'''
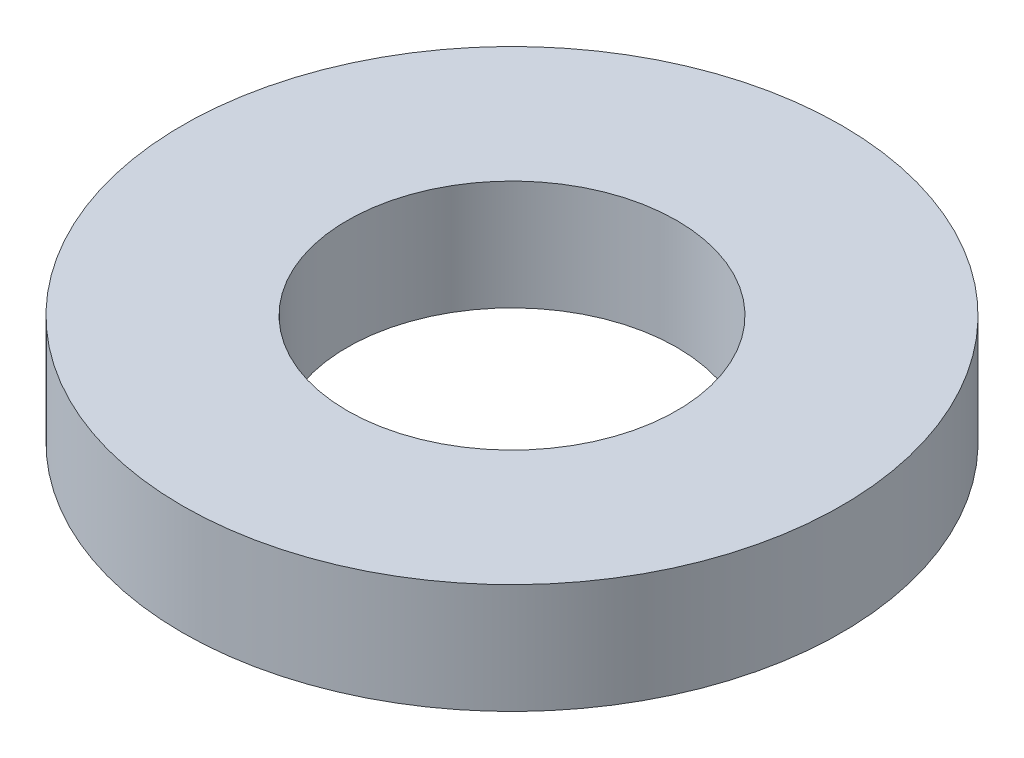
SolidWorks part; units mm, degrees
ref_plane "前视基准面" through (0, 0, 0) normal (0, 0, 1) x (1, 0, 0)
ref_plane "上视基准面" through (0, 0, 0) normal (0, 1, 0) x (1, 0, 0)
ref_plane "右视基准面" through (0, 0, 0) normal (1, 0, 0) x (0, 0, -1)
sketch "草图1" plane through (0, 0, 0) normal (0, 1, 0) x (1, 0, 0)
  circle A0 centre (0, 0) radius 3
  circle A1 centre (0, 0) radius 1.5
  dimension "D1" = 3
  dimension "D2" = 6
extrude "凸台-拉伸1" add sketch "草图1" along normal blind 1
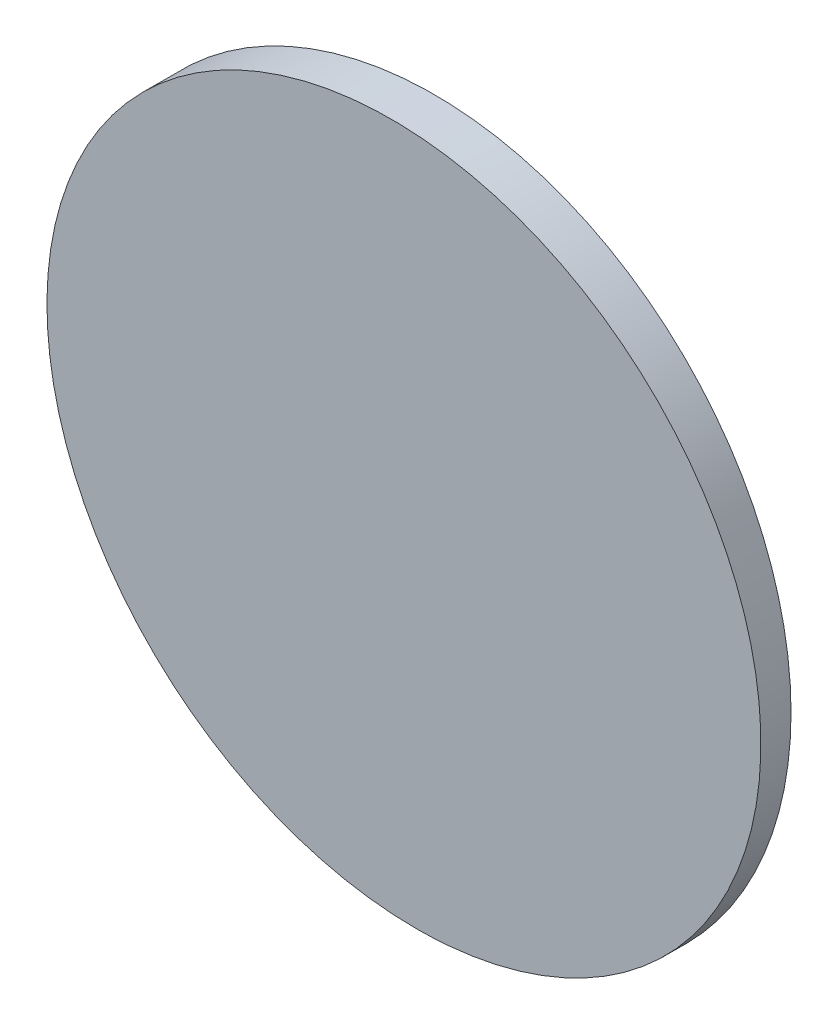
SolidWorks part; units mm, degrees
ref_plane "前视基准面" through (0, 0, 0) normal (0, 0, 1) x (1, 0, 0)
ref_plane "上视基准面" through (0, 0, 0) normal (0, 1, 0) x (1, 0, 0)
ref_plane "右视基准面" through (0, 0, 0) normal (1, 0, 0) x (0, 0, -1)
sketch "草图2" plane through (0, 0, 0) normal (0, 0, 1) x (1, 0, 0)
  circle A0 centre (0, 0) radius 50
  dimension "D1" = 100
extrude "凸台-拉伸1" add sketch "草图2" along normal blind 6
sketch "草图3" plane through (0, 0, 0) normal (1, 0, 0) x (0, 0, -1)
  line L4 (-6, -50) -> (-6, 50)
  line L6 (-6, 50) -> (-6, -50) construction
  line L8 (-6, 50) -> (-2.5079, -50)
  line L9 (-6, -50) -> (-2.5079, -50)
  dimension "D1" = 100
  dimension "D3" = 2
  dimension "D4" = 3.4921
extrude "切除-拉伸1" cut sketch "草图3" against normal mid plane 100
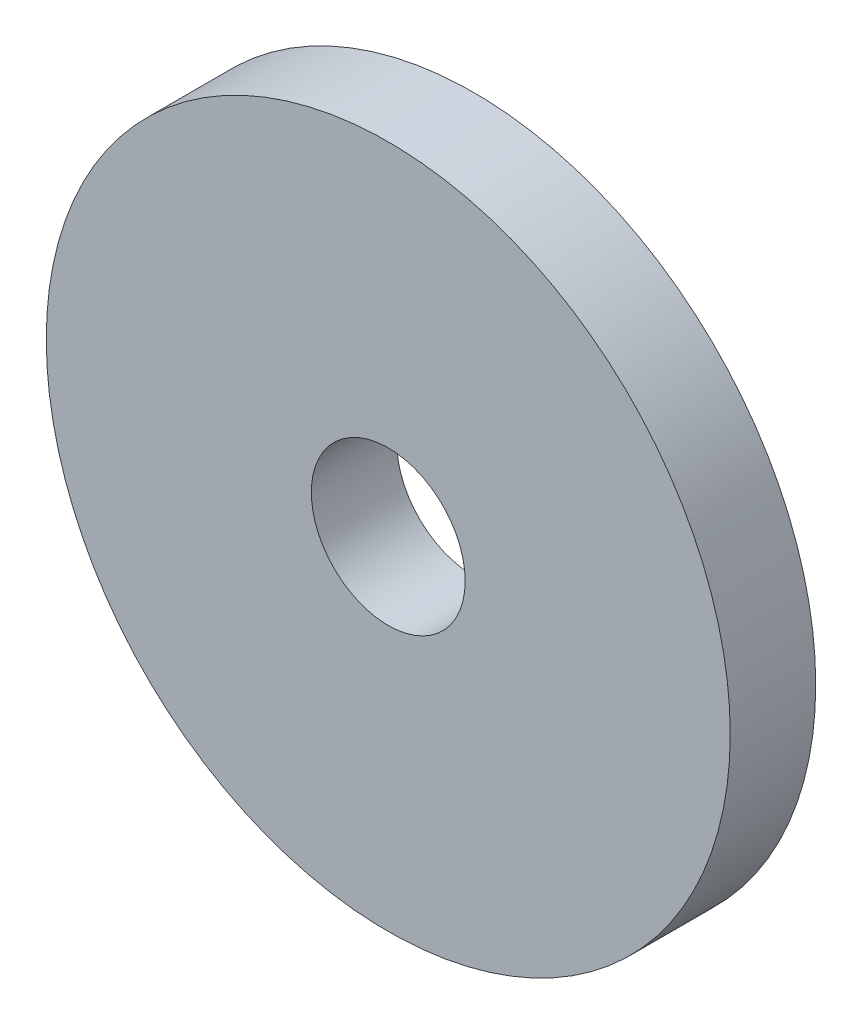
SolidWorks part; units mm, degrees
ref_plane "Front Plane" through (0, 0, 0) normal (0, 0, 1) x (1, 0, 0)
ref_plane "Top Plane" through (0, 0, 0) normal (0, 1, 0) x (1, 0, 0)
ref_plane "Right Plane" through (0, 0, 0) normal (1, 0, 0) x (0, 0, -1)
sketch "Sketch2" plane through (0, 0, 0) normal (0, 0, 1) x (1, 0, 0)
  circle A0 centre (0, 0) radius 20
  circle A1 centre (0, 0) radius 4.5
  dimension "D1" = 9
  dimension "D2" = 40
extrude "Boss-Extrude1" add sketch "Sketch2" along normal mid plane 5
'''
For each line above that holds the string "radius", provide a copy of that line.

* ANSWER SPACE
  circle A0 centre (0, 0) radius 3
  circle A1 centre (0, 0) radius 1.5
  circle A0 centre (0, 0) radius 50
  circle A0 centre (0, 0) radius 20
  circle A1 centre (0, 0) radius 4.5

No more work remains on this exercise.